Compensation negotiation can be tricky – particularly for women. Carol contributed to an excellent piece by Sharon Epperson on the topic; read it here: Want a bigger salary? Check out these 5 tips.
Just 38 percent of recent graduates negotiate their salary upon receiving a job offer, according to personal finance site NerdWallet. That’s despite three-quarters of employers saying they typically have room to increase their first salary offer by 5 to 10 percent.
College and career coach Kat Cohen says that despite fear around negotiations, recent graduates must do a better job at confidently asking for the pay they deserve. After all, 84 percent of employers say an entry-level candidate will not be putting their job offer at risk by negotiating their pay, according to NerdWallet.

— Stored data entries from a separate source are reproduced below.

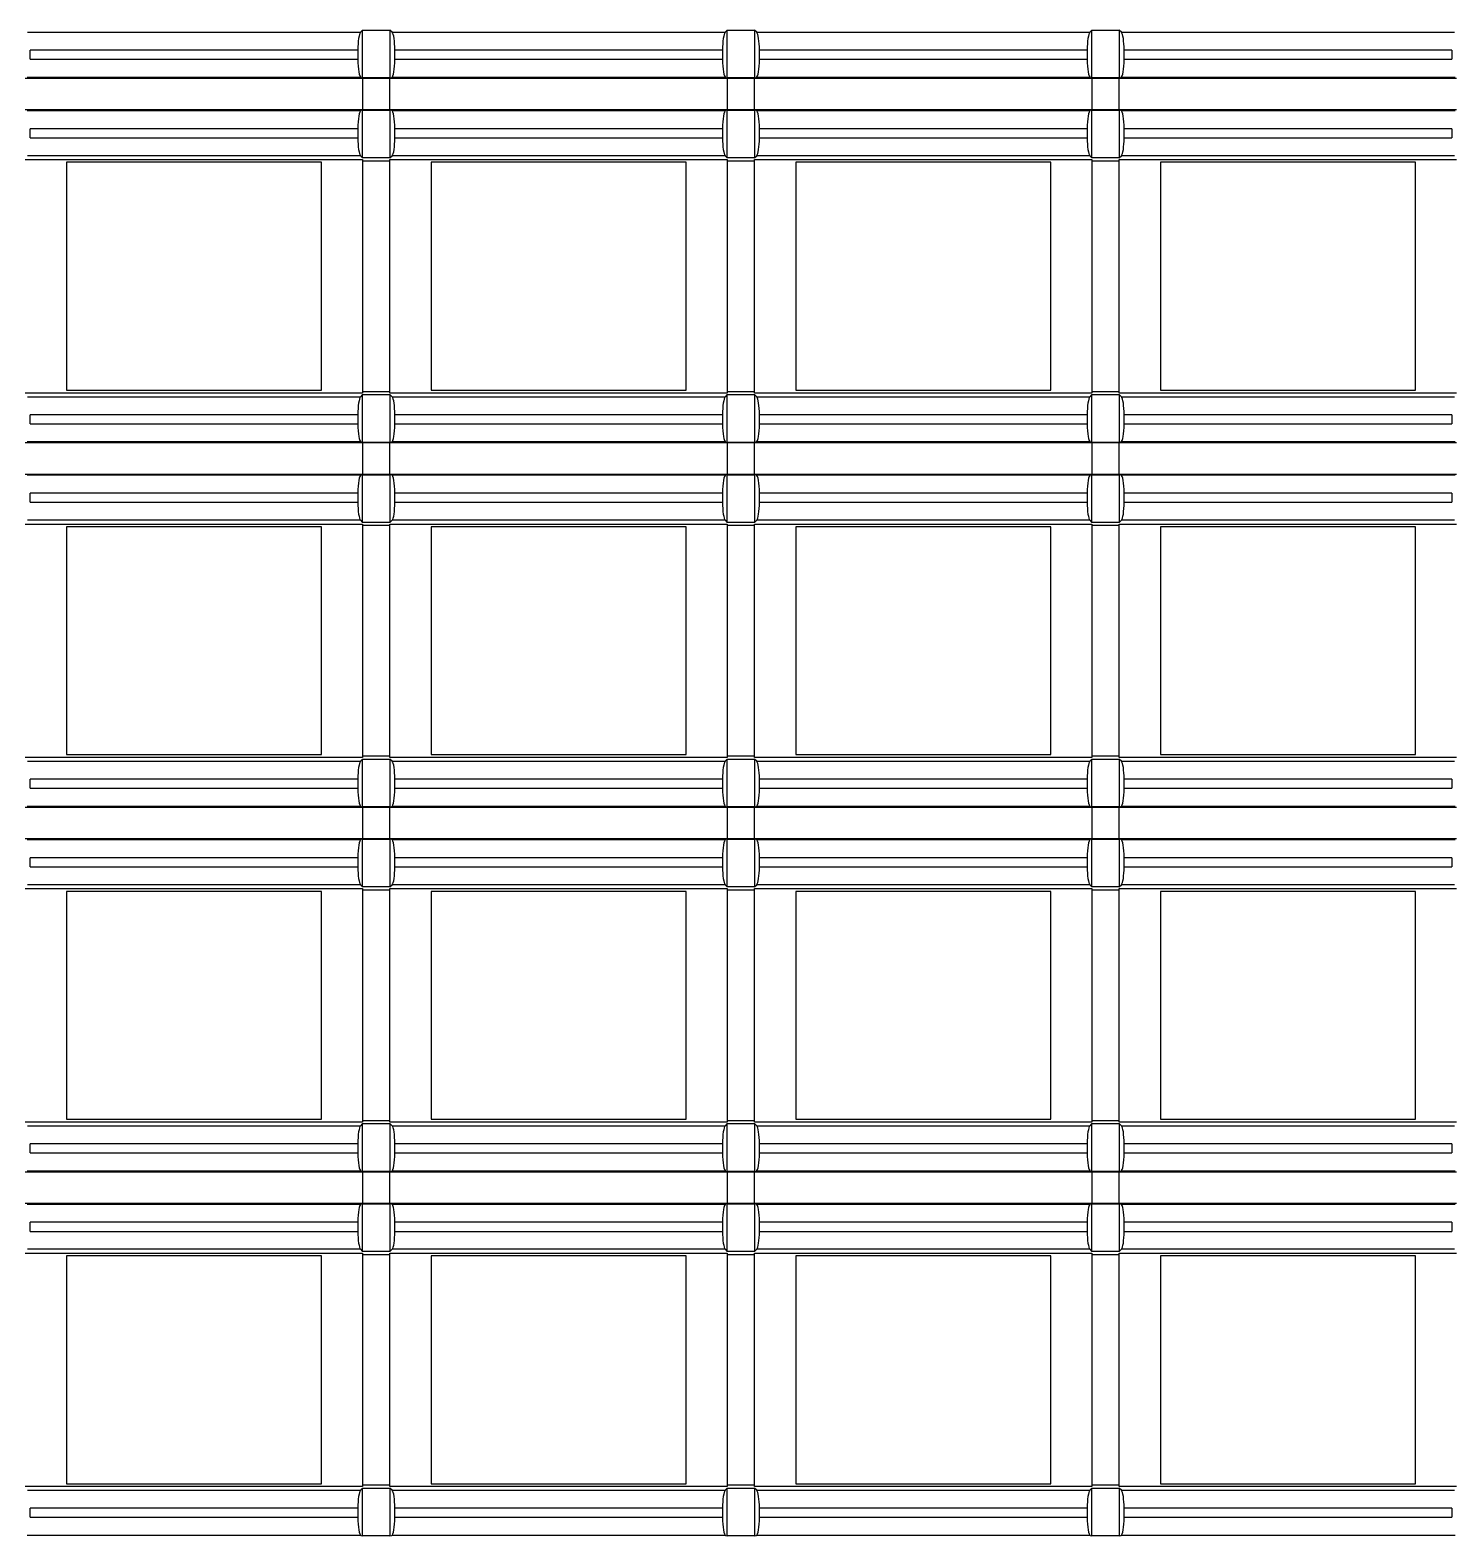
# Model space of a CAD drawing. Header units: inches. Extents: x 0 to 653, y 0 to 346.
# Drawn here: x 64.12 to 79.72, y 207.56 to 224.08 of the extents above; entities that cross this region are included whole.
import ezdxf

# ---------------------------------------------------------------- set-up
doc = ezdxf.new("R2010")
doc.units = ezdxf.units.IN
doc.header["$LTSCALE"] = 35.925693
doc.header["$MEASUREMENT"] = 0
doc.layers.add('2', color=7, linetype='CONTINUOUS')

msp = doc.modelspace()

# ---------------------------------------------------------------- linework, layer by layer
at = {"layer": '2', "color": 132, "linetype": 'Continuous', "true_color": 0x00cccc}
for p, q in [((64.096, 224.059), (67.749, 224.059)), ((67.772, 224.083), (67.749, 224.059)), ((67.772, 223.559), (67.772, 224.083)), ((67.772, 224.083), (68.072, 224.083)), ((68.072, 224.083), (68.072, 223.559)), ((68.096, 224.059), (68.072, 224.083)), ((68.096, 224.059), (71.749, 224.059)), ((71.772, 224.083), (71.749, 224.059)), ((71.772, 223.559), (71.772, 224.083)), ((71.772, 224.083), (72.072, 224.083)), ((72.072, 224.083), (72.072, 223.559)), ((72.096, 224.059), (72.072, 224.083)), ((72.096, 224.059), (75.749, 224.059)), ((75.772, 224.083), (75.749, 224.059)), ((75.772, 223.559), (75.772, 224.083)), ((75.772, 224.083), (76.072, 224.083)), ((76.072, 224.083), (76.072, 223.559)), ((76.095, 224.059), (76.072, 224.083)), ((76.095, 224.059), (79.749, 224.059)), ((64.125, 223.763), (64.125, 223.862)), ((67.72, 223.862), (64.125, 223.862)), ((64.125, 223.763), (67.72, 223.763)), ((67.72, 223.862), (67.72, 223.763)), ((68.125, 223.763), (68.125, 223.862)), ((71.72, 223.862), (68.125, 223.862)), ((68.125, 223.763), (71.72, 223.763)), ((71.72, 223.862), (71.72, 223.763)), ((72.125, 223.763), (72.125, 223.862)), ((75.72, 223.862), (72.125, 223.862)), ((72.125, 223.763), (75.72, 223.763)), ((75.72, 223.862), (75.72, 223.763)), ((76.125, 223.763), (76.125, 223.862)), ((79.72, 223.862), (76.125, 223.862)), ((76.125, 223.763), (79.72, 223.763)), ((79.72, 223.862), (79.72, 223.763)), ((67.754, 223.563), (64.091, 223.563)), ((67.754, 223.563), (67.772, 223.559)), ((68.072, 223.559), (68.091, 223.563)), ((71.754, 223.563), (68.091, 223.563)), ((71.754, 223.563), (71.772, 223.559)), ((72.072, 223.559), (72.091, 223.563)), ((75.754, 223.563), (72.091, 223.563)), ((75.754, 223.563), (75.772, 223.559)), ((76.072, 223.559), (76.091, 223.563)), ((79.754, 223.563), (76.091, 223.563)), ((64.072, 223.556), (67.772, 223.556)), ((68.072, 223.559), (67.772, 223.559)), ((67.772, 223.556), (67.772, 223.208)), ((68.072, 223.552), (67.772, 223.552)), ((68.072, 223.208), (68.072, 223.556)), ((68.072, 223.556), (71.772, 223.556)), ((72.072, 223.559), (71.772, 223.559)), ((71.772, 223.556), (71.772, 223.208)), ((72.072, 223.552), (71.772, 223.552)), ((72.072, 223.208), (72.072, 223.556)), ((72.072, 223.556), (75.772, 223.556)), ((76.072, 223.559), (75.772, 223.559)), ((75.772, 223.556), (75.772, 223.208)), ((76.072, 223.552), (75.772, 223.552)), ((76.072, 223.208), (76.072, 223.556)), ((76.072, 223.556), (79.772, 223.556)), ((67.772, 223.208), (64.072, 223.208)), ((64.091, 223.2), (67.754, 223.2)), ((67.772, 223.204), (67.754, 223.2)), ((67.772, 223.211), (68.072, 223.211)), ((67.772, 222.681), (67.772, 223.204)), ((67.772, 223.204), (68.072, 223.204)), ((71.772, 223.208), (68.072, 223.208)), ((68.072, 223.204), (68.072, 222.681)), ((68.091, 223.2), (68.072, 223.204)), ((68.091, 223.2), (71.754, 223.2)), ((71.772, 223.204), (71.754, 223.2)), ((71.772, 223.211), (72.072, 223.211)), ((71.772, 222.681), (71.772, 223.204)), ((71.772, 223.204), (72.072, 223.204)), ((75.772, 223.208), (72.072, 223.208)), ((72.072, 223.204), (72.072, 222.681)), ((72.091, 223.2), (72.072, 223.204)), ((72.091, 223.2), (75.754, 223.2)), ((75.772, 223.204), (75.754, 223.2)), ((75.772, 223.211), (76.072, 223.211)), ((75.772, 222.681), (75.772, 223.204)), ((75.772, 223.204), (76.072, 223.204)), ((79.772, 223.208), (76.072, 223.208)), ((76.072, 223.204), (76.072, 222.681)), ((76.091, 223.2), (76.072, 223.204)), ((76.091, 223.2), (79.754, 223.2)), ((64.125, 222.901), (64.125, 223.001)), ((67.72, 223.001), (64.125, 223.001)), ((64.125, 222.901), (67.72, 222.901)), ((67.72, 223.001), (67.72, 222.901)), ((68.125, 222.901), (68.125, 223.001)), ((71.72, 223.001), (68.125, 223.001)), ((68.125, 222.901), (71.72, 222.901)), ((71.72, 223.001), (71.72, 222.901)), ((72.125, 222.901), (72.125, 223.001)), ((75.72, 223.001), (72.125, 223.001)), ((72.125, 222.901), (75.72, 222.901)), ((75.72, 223.001), (75.72, 222.901)), ((76.125, 222.901), (76.125, 223.001)), ((79.72, 223.001), (76.125, 223.001)), ((76.125, 222.901), (79.72, 222.901)), ((79.72, 223.001), (79.72, 222.901)), ((64.072, 222.663), (67.772, 222.663)), ((67.749, 222.704), (64.096, 222.704)), ((64.522, 222.632), (64.522, 220.132)), ((67.322, 222.632), (64.522, 222.632)), ((67.322, 220.132), (67.322, 222.632)), ((67.749, 222.704), (67.772, 222.681)), ((68.072, 222.681), (67.772, 222.681)), ((67.772, 222.663), (67.772, 220.1)), ((68.072, 222.645), (67.772, 222.645)), ((68.072, 222.681), (68.096, 222.704)), ((68.072, 220.1), (68.072, 222.663)), ((68.072, 222.663), (71.772, 222.663)), ((71.749, 222.704), (68.096, 222.704)), ((68.522, 222.632), (68.522, 220.132)), ((71.322, 222.632), (68.522, 222.632)), ((71.322, 220.132), (71.322, 222.632)), ((71.749, 222.704), (71.772, 222.681)), ((72.072, 222.681), (71.772, 222.681)), ((71.772, 222.663), (71.772, 220.1)), ((72.072, 222.645), (71.772, 222.645)), ((72.072, 222.681), (72.096, 222.704)), ((72.072, 220.1), (72.072, 222.663)), ((72.072, 222.663), (75.772, 222.663)), ((75.749, 222.704), (72.096, 222.704)), ((72.522, 222.632), (72.522, 220.132)), ((75.322, 222.632), (72.522, 222.632)), ((75.322, 220.132), (75.322, 222.632)), ((75.749, 222.704), (75.772, 222.681)), ((76.072, 222.681), (75.772, 222.681)), ((75.772, 222.663), (75.772, 220.1)), ((76.072, 222.645), (75.772, 222.645)), ((76.072, 222.681), (76.095, 222.704)), ((76.072, 220.1), (76.072, 222.663)), ((76.072, 222.663), (79.772, 222.663)), ((79.749, 222.704), (76.095, 222.704)), ((76.522, 222.632), (76.522, 220.132)), ((79.322, 222.632), (76.522, 222.632)), ((79.322, 220.132), (79.322, 222.632)), ((67.772, 220.1), (64.072, 220.1)), ((64.522, 220.132), (67.322, 220.132)), ((67.772, 220.118), (68.072, 220.118)), ((71.772, 220.1), (68.072, 220.1)), ((68.522, 220.132), (71.322, 220.132)), ((71.772, 220.118), (72.072, 220.118)), ((75.772, 220.1), (72.072, 220.1)), ((72.522, 220.132), (75.322, 220.132)), ((75.772, 220.118), (76.072, 220.118)), ((79.772, 220.1), (76.072, 220.1)), ((76.522, 220.132), (79.322, 220.132)), ((64.096, 220.059), (67.749, 220.059)), ((67.772, 220.083), (67.749, 220.059)), ((67.772, 219.559), (67.772, 220.083)), ((67.772, 220.083), (68.072, 220.083)), ((68.072, 220.083), (68.072, 219.559)), ((68.096, 220.059), (68.072, 220.083)), ((68.096, 220.059), (71.749, 220.059)), ((71.772, 220.083), (71.749, 220.059)), ((71.772, 219.559), (71.772, 220.083)), ((71.772, 220.083), (72.072, 220.083)), ((72.072, 220.083), (72.072, 219.559)), ((72.096, 220.059), (72.072, 220.083)), ((72.096, 220.059), (75.749, 220.059)), ((75.772, 220.083), (75.749, 220.059)), ((75.772, 219.559), (75.772, 220.083)), ((75.772, 220.083), (76.072, 220.083)), ((76.072, 220.083), (76.072, 219.559)), ((76.095, 220.059), (76.072, 220.083)), ((76.095, 220.059), (79.749, 220.059)), ((64.125, 219.763), (64.125, 219.862)), ((67.72, 219.862), (64.125, 219.862)), ((64.125, 219.763), (67.72, 219.763)), ((67.72, 219.862), (67.72, 219.763)), ((68.125, 219.763), (68.125, 219.862)), ((71.72, 219.862), (68.125, 219.862)), ((68.125, 219.763), (71.72, 219.763)), ((71.72, 219.862), (71.72, 219.763)), ((72.125, 219.763), (72.125, 219.862)), ((75.72, 219.862), (72.125, 219.862)), ((72.125, 219.763), (75.72, 219.763)), ((75.72, 219.862), (75.72, 219.763)), ((76.125, 219.763), (76.125, 219.862)), ((79.72, 219.862), (76.125, 219.862)), ((76.125, 219.763), (79.72, 219.763)), ((79.72, 219.862), (79.72, 219.763)), ((64.072, 219.556), (67.772, 219.556)), ((67.754, 219.563), (64.091, 219.563)), ((67.754, 219.563), (67.772, 219.559)), ((68.072, 219.559), (67.772, 219.559)), ((67.772, 219.556), (67.772, 219.208)), ((68.072, 219.552), (67.772, 219.552)), ((68.072, 219.559), (68.091, 219.563)), ((68.072, 219.208), (68.072, 219.556)), ((68.072, 219.556), (71.772, 219.556)), ((71.754, 219.563), (68.091, 219.563)), ((71.754, 219.563), (71.772, 219.559)), ((72.072, 219.559), (71.772, 219.559)), ((71.772, 219.556), (71.772, 219.208)), ((72.072, 219.552), (71.772, 219.552)), ((72.072, 219.559), (72.091, 219.563)), ((72.072, 219.208), (72.072, 219.556)), ((72.072, 219.556), (75.772, 219.556)), ((75.754, 219.563), (72.091, 219.563)), ((75.754, 219.563), (75.772, 219.559)), ((76.072, 219.559), (75.772, 219.559)), ((75.772, 219.556), (75.772, 219.208)), ((76.072, 219.552), (75.772, 219.552)), ((76.072, 219.559), (76.091, 219.563)), ((76.072, 219.208), (76.072, 219.556)), ((76.072, 219.556), (79.772, 219.556)), ((79.754, 219.563), (76.091, 219.563)), ((67.772, 219.208), (64.072, 219.208)), ((64.091, 219.201), (67.754, 219.201)), ((67.772, 219.204), (67.754, 219.201)), ((67.772, 219.211), (68.072, 219.211)), ((67.772, 218.681), (67.772, 219.204)), ((67.772, 219.204), (68.072, 219.204)), ((71.772, 219.208), (68.072, 219.208)), ((68.072, 219.204), (68.072, 218.681)), ((68.091, 219.201), (68.072, 219.204)), ((68.091, 219.201), (71.754, 219.201)), ((71.772, 219.204), (71.754, 219.201)), ((71.772, 219.211), (72.072, 219.211)), ((71.772, 218.681), (71.772, 219.204)), ((71.772, 219.204), (72.072, 219.204)), ((75.772, 219.208), (72.072, 219.208)), ((72.072, 219.204), (72.072, 218.681)), ((72.091, 219.201), (72.072, 219.204)), ((72.091, 219.201), (75.754, 219.201)), ((75.772, 219.204), (75.754, 219.201)), ((75.772, 219.211), (76.072, 219.211)), ((75.772, 218.681), (75.772, 219.204)), ((75.772, 219.204), (76.072, 219.204)), ((79.772, 219.208), (76.072, 219.208)), ((76.072, 219.204), (76.072, 218.681)), ((76.091, 219.201), (76.072, 219.204)), ((76.091, 219.201), (79.754, 219.201)), ((64.125, 218.901), (64.125, 219.001)), ((67.72, 219.001), (64.125, 219.001)), ((67.72, 219.001), (67.72, 218.901)), ((68.125, 218.901), (68.125, 219.001)), ((71.72, 219.001), (68.125, 219.001)), ((71.72, 219.001), (71.72, 218.901)), ((72.125, 218.901), (72.125, 219.001)), ((75.72, 219.001), (72.125, 219.001)), ((75.72, 219.001), (75.72, 218.901)), ((76.125, 218.901), (76.125, 219.001)), ((79.72, 219.001), (76.125, 219.001)), ((79.72, 219.001), (79.72, 218.901)), ((64.125, 218.901), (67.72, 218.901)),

Below, Cohen, along with financial journalist and author Jennifer Streaks, share with CNBC Make It four tips that can help young professionals negotiate their first salary.
In addition to using sites like PayScale and Salary.com, Cohen and Streaks say recent graduates should use their friends, mentors and colleagues as resources for determining their pay.
“If you have friends in a similar industry, use them,” workers comp ca law, who is the CEO and founder of educational consulting firm IvyWise. “You don’t have to ask them exactly what their salary is, but you can ask something like, ‘What’s a competitive salary for an entry level graphic designer position in New York?'”
Aside from using your peers as a resource, Cohen says your college career center can provide guidance because it often has useful data on entry-level jobs in various industries.
Streaks says once you’ve exhausted these resources and gathered an idea of what your pay range should be, you want to be sure to negotiate a salary that is at least in the middle of the two figures.
“If the range is $50,000-$70,000 you don’t want to be at $52,000,” says Streaks, ”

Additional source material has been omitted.